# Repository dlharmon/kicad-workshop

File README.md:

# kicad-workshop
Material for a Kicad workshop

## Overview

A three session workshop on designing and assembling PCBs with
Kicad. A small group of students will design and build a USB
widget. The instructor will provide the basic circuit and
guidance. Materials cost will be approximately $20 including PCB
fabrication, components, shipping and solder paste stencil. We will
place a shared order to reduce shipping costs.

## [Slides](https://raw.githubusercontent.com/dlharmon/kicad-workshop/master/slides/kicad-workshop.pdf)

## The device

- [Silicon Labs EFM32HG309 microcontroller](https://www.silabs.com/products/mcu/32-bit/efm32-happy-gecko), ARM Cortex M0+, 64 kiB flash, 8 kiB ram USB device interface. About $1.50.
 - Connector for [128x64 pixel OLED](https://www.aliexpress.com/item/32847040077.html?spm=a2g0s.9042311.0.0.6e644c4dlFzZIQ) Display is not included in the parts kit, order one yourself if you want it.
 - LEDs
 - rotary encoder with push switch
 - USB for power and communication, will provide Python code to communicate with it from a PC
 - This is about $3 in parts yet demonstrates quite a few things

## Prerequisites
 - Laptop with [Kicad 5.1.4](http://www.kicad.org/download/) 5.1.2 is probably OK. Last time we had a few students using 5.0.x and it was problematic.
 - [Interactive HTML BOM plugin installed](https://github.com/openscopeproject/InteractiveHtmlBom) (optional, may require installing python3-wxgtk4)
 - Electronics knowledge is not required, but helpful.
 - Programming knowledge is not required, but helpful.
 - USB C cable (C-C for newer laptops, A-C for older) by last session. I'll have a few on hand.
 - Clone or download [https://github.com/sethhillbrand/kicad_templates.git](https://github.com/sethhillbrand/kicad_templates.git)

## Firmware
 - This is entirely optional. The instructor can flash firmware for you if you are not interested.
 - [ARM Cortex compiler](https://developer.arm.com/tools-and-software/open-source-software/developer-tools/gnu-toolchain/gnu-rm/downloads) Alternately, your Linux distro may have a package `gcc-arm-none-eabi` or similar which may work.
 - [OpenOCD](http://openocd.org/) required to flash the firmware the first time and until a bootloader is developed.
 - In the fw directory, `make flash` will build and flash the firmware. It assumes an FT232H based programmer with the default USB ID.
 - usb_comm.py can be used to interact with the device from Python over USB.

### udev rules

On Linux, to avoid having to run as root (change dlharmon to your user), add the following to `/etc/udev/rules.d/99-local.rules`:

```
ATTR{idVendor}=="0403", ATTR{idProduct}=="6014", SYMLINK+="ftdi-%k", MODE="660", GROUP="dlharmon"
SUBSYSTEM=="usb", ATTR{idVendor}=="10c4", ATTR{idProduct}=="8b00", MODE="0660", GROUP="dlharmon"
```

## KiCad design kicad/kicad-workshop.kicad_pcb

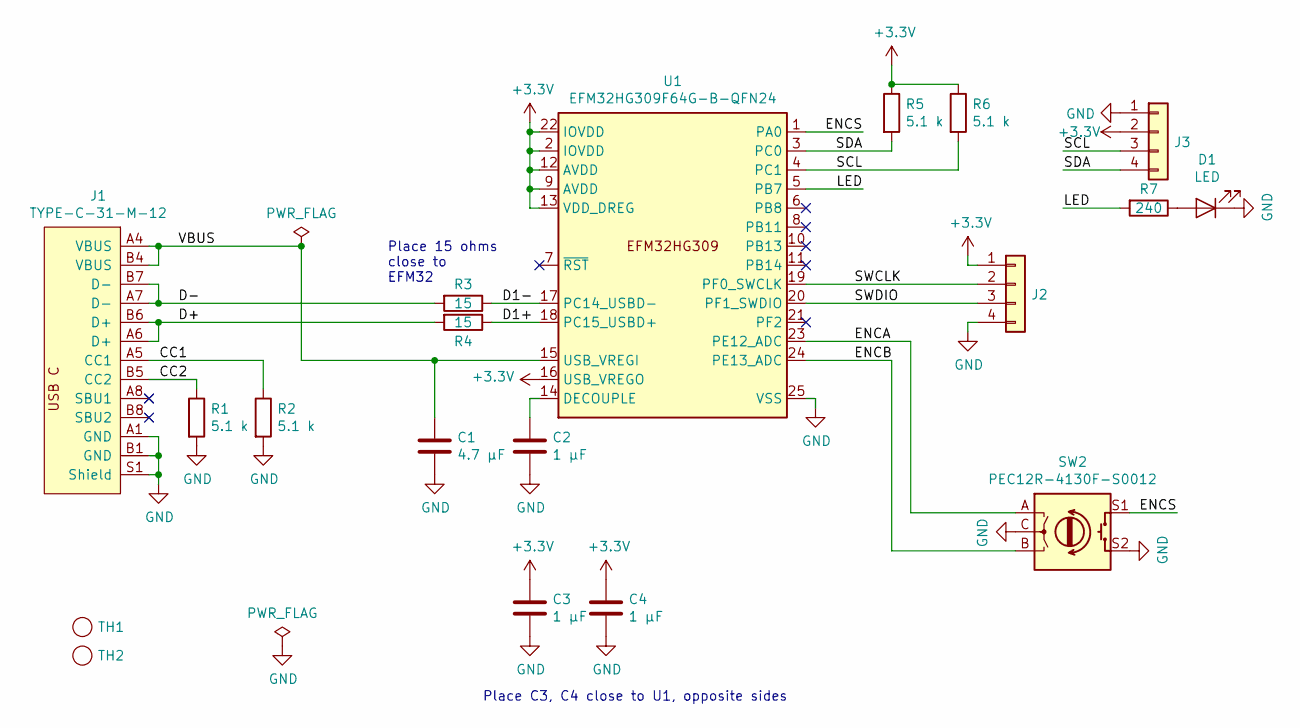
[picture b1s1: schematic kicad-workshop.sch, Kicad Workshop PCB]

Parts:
C1: 4.7 μF; C_0603_1608Metric
C2, C3, C4: 1 μF; C_0603_1608Metric
D1: LED; LED_0603_1608Metric
J1: TYPE-C-31-M-12; USB_C_Receptacle_HRO_TYPE-C-31-M-12
J2: Conn_01x04; PinHeader_1x04_P2.54mm_Vertical
J3: Conn_01x04; PinSocket_1x04_P2.54mm_Vertical
R1, R2, R5, R6: 5.1 k; R_0603_1608Metric
R3, R4: 15; R_0603_1608Metric
R7: 240; R_0603_1608Metric
SW2: PEC12R-4130F-S0012; RotaryEncoder_Alps_EC12E-Switch_Vertical_H20mm
TH1, TH2: tooling_hole; tooling_hole_2.55
U1: EFM32HG309F64G-B-QFN24; QFN-24-1EP_5x5mm_P0.65mm_EP3.6x3.6mm

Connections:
+3V3: C3.1, C4.1, J2.1, J3.2, R5.1, R6.1, U1.2 (IOVDD), U1.9 (AVDD), U1.12 (AVDD), U1.13 (VDD_DREG), U1.16 (USB_VREGO), U1.22 (IOVDD)
/CC1: J1.A5 (CC1), R2.1
/CC2: J1.B5 (CC2), R1.1
/D1+: R4.1, U1.18 (PC15_USBD+)
/D1-: R3.1, U1.17 (PC14_USBD-)
/D+: J1.A6 (D+), J1.B6 (D+), R4.2
/D-: J1.A7 (D-), J1.B7 (D-), R3.2
/ENCA: SW2.A, U1.23 (PE12_ADC)
/ENCB: SW2.B, U1.24 (PE13_ADC)
/ENCS: SW2.S1, U1.1 (PA0)
/LED: R7.2, U1.5 (PB7)
/SCL: J3.3, R6.2, U1.4 (PC1)
/SDA: J3.4, R5.2, U1.3 (PC0)
/SWCLK: J2.2, U1.19 (PF0_SWCLK)
/SWDIO: J2.3, U1.20 (PF1_SWDIO)
/VBUS: C1.1, J1.A4 (VBUS), J1.B4 (VBUS), U1.15 (USB_VREGI)
GND: C1.2, C2.2, C3.2, C4.2, D1.1 (K), J1.A1 (GND), J1.B1 (GND), J1.S1 (Shield), J2.4, J3.1, R1.2, R2.2, SW2.C, SW2.S2, U1.25 (VSS)
unnamed: C2.1, U1.14 (DECOUPLE)
unnamed: D1.2 (A), R7.1

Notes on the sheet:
Place 15 ohms close to EFM32
Place C3, C4 close to U1, opposite sides

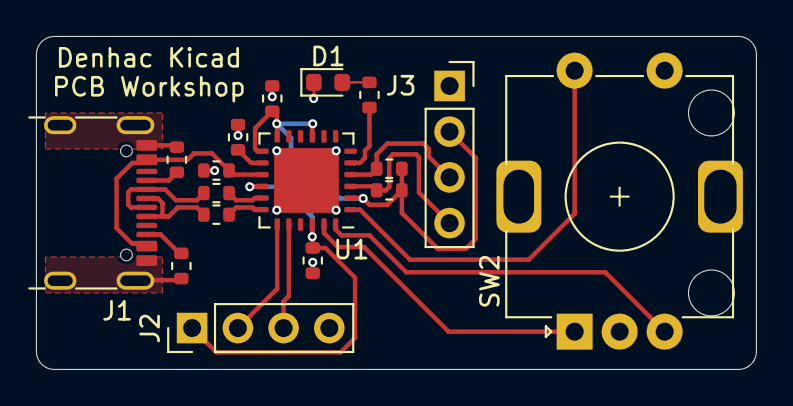
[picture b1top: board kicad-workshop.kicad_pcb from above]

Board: 2 copper layers, 40.0 x 18.5 mm, 19 parts (0 on the bottom side), 19 nets.

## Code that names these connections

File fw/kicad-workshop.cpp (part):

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#include <stdlib.h>
#include "font.h"

// R: PB7 TIM1 CC0
// G: PB8 TIM1 CC1
// B: PB11 TIM1 CC2

// ENCS: PA0 - pullup, act low
// ENCA: PE12 TIM2_CC2
// ENCB: PE13 TIM2_CC3
// SDA: PC0
// SCL: PC1
// USB: PC14, 15

#define SCL_PORT GPIOC // I2C0 AF4
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        // configure GPIOs

        // RGB LED
        // R: PB7 TIM1 CC0
        // G: PB8 TIM1 CC1
        // B: PB11 TIM1 CC2
        gpio_mode_setup(GPIOB, GPIO_MODE_PUSH_PULL, GPIO7 | GPIO8 | GPIO11);

        // ENCA: PE12 TIM2_CC2
        // ENCB: PE13 TIM2_CC3
        // ENCS: PA0 - pullup, act low
        gpio_mode_setup(GPIOE, GPIO_MODE_INPUT_PULL_FILTER, GPIO12 | GPIO13);
        GPIO_P_DOUTSET(GPIOE) = GPIO12 | GPIO13;
        gpio_mode_setup(INT_PORT, GPIO_MODE_INPUT_PULL_FILTER, INT_PIN);
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
        TIMER1_CMD = 1;

        GPIO_EXTIPSELL = 0;       // PA0 as ext interrupt
        GPIO_EXTIFALL = (1 << 0); // falling
        GPIO_EXTIRISE = (1 << 0); // rising
        GPIO_IEN = (1 << 0);
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
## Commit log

2019-07-14 add libraries and example of completed PCB
2019-07-14 remove .bak file, ignore
2019-08-16 initial quick and dirty microcontroller code
2019-08-16 update gitignore
2019-08-16 reduce solder paste on USB C
2019-08-17 Slides WIP
2019-08-17 add some images to slides
2019-08-17 add libs not present on some machines
2019-09-14 add udev note
2019-09-14 fix readme
2019-09-14 update firmware
2019-09-26 add note about HTML BOM dependency
2019-11-01 use pid.codes USB ID http://pid.codes/1209/F00F/
2019-11-01 update readme - LED, Kicad version
2019-11-09 change LED to single color The 1x1 mm LED was too difficult for assembly, mostly locating pin 1
2019-11-09 reduce solder paste volume on USB C
2019-11-17 add template link
2019-12-11 change LED GPIO to push pull for later boards
2021-10-19 update kicad link
········
Work required: The lines you need are those holding the word "update"; copy each of them from the material above.

Exercise result:
2019-08-16 update gitignore
2019-09-14 update firmware
2019-11-01 update readme - LED, Kicad version
2021-10-19 update kicad link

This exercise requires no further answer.